Directions:
Check the entries below for lines with "Controller"; report only how many there are.

● ● ● ● ● ● ●

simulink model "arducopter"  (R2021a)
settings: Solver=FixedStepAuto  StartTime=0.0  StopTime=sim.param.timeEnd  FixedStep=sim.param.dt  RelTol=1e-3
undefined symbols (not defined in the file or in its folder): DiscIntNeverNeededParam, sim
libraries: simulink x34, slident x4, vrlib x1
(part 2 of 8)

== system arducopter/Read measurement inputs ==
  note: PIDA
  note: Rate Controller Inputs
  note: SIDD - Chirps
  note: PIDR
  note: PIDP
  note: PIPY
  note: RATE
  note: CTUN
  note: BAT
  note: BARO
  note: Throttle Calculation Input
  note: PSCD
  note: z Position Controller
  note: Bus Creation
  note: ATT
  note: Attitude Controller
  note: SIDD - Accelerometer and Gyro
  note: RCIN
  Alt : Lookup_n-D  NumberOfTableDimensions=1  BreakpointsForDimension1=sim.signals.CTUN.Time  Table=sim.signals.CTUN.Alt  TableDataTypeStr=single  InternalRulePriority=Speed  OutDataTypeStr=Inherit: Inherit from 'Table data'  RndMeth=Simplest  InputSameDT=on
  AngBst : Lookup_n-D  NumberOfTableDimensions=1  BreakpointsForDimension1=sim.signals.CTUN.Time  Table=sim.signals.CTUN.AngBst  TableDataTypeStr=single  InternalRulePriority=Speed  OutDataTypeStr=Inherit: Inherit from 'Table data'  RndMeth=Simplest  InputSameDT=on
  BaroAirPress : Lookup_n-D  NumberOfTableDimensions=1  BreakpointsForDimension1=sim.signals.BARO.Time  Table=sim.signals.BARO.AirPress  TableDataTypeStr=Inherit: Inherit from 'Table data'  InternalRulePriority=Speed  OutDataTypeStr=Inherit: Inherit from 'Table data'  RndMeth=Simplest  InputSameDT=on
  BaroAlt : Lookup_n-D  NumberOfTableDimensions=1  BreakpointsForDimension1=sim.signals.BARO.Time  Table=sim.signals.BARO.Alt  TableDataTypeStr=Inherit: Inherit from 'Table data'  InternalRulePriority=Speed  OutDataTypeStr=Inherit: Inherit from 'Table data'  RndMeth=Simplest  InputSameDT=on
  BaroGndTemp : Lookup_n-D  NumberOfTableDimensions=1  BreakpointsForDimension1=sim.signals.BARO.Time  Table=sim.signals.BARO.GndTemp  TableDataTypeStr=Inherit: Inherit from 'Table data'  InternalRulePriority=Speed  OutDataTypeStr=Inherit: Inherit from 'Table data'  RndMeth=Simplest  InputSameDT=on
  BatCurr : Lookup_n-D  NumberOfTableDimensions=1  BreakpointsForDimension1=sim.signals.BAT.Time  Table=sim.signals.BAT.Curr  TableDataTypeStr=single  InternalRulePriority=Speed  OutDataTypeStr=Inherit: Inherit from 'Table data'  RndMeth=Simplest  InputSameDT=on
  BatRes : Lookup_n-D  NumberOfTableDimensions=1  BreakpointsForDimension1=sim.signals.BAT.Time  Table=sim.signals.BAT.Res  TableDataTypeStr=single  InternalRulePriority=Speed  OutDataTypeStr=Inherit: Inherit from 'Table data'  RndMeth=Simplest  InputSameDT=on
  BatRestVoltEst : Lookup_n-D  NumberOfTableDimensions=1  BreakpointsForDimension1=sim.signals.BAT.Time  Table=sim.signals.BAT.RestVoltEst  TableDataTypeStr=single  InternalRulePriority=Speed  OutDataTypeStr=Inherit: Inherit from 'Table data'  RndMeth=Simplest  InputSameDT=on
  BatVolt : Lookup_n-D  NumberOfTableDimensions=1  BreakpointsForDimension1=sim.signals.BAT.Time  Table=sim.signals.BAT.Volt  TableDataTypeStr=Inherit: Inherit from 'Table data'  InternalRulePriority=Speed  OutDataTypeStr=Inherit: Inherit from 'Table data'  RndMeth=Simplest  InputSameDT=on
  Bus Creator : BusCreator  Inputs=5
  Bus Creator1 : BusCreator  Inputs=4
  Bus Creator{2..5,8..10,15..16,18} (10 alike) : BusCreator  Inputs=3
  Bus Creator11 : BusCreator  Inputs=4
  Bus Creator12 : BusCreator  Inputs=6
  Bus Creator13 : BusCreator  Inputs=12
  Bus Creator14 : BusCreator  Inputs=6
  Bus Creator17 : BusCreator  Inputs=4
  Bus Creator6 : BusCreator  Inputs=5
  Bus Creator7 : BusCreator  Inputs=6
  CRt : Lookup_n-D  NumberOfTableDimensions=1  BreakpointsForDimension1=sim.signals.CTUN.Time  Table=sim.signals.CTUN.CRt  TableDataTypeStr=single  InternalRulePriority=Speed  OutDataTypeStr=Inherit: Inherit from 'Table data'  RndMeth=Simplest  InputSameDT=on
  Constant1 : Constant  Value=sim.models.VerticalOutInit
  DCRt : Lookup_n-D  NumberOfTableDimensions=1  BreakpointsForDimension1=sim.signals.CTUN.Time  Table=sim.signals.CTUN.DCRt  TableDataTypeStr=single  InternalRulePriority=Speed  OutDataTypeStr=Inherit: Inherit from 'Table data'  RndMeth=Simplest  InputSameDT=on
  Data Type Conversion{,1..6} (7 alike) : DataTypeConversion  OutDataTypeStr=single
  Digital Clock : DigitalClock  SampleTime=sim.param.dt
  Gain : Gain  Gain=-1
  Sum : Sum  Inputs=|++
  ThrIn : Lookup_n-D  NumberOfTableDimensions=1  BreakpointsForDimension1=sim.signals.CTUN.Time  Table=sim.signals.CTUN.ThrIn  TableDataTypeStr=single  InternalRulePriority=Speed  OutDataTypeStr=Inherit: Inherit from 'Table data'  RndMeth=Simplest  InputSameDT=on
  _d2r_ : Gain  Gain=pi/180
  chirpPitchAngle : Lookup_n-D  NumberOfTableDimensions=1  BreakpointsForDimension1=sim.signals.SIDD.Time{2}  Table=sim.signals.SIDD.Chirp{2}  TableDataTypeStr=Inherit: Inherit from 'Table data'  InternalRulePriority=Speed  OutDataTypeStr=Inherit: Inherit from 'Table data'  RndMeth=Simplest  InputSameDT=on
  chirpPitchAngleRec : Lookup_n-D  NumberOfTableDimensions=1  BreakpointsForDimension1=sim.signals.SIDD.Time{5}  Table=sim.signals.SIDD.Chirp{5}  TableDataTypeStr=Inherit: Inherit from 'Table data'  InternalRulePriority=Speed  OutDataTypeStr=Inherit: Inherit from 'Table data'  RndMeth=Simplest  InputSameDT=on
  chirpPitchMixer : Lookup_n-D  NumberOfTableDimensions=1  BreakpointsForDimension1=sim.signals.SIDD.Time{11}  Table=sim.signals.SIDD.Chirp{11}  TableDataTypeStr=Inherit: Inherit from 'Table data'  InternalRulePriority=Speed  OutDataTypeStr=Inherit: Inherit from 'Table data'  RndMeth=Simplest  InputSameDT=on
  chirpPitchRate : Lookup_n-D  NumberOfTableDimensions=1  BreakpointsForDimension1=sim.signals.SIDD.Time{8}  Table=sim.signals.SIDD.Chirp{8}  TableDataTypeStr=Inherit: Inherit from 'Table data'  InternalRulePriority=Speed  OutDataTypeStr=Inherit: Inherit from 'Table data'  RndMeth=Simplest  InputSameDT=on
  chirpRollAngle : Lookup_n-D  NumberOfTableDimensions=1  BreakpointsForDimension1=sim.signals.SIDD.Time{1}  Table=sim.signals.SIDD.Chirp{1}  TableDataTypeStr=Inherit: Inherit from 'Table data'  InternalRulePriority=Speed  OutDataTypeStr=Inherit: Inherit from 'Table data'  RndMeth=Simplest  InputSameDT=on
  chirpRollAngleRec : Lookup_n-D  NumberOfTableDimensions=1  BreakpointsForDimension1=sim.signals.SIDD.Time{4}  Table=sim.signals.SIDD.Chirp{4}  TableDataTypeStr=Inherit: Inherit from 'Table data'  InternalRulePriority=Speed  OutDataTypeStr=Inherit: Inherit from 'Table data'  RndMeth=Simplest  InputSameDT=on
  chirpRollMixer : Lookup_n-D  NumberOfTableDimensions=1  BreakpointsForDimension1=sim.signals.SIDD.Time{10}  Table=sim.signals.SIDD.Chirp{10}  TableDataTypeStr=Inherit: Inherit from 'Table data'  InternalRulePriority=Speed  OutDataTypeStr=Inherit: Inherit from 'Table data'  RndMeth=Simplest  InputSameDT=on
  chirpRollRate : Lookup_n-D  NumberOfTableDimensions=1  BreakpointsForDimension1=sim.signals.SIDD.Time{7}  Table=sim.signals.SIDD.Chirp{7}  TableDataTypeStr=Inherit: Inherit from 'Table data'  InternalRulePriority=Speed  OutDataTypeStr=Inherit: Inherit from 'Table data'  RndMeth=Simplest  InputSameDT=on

● ● ● ● ● ● ●

Response:
3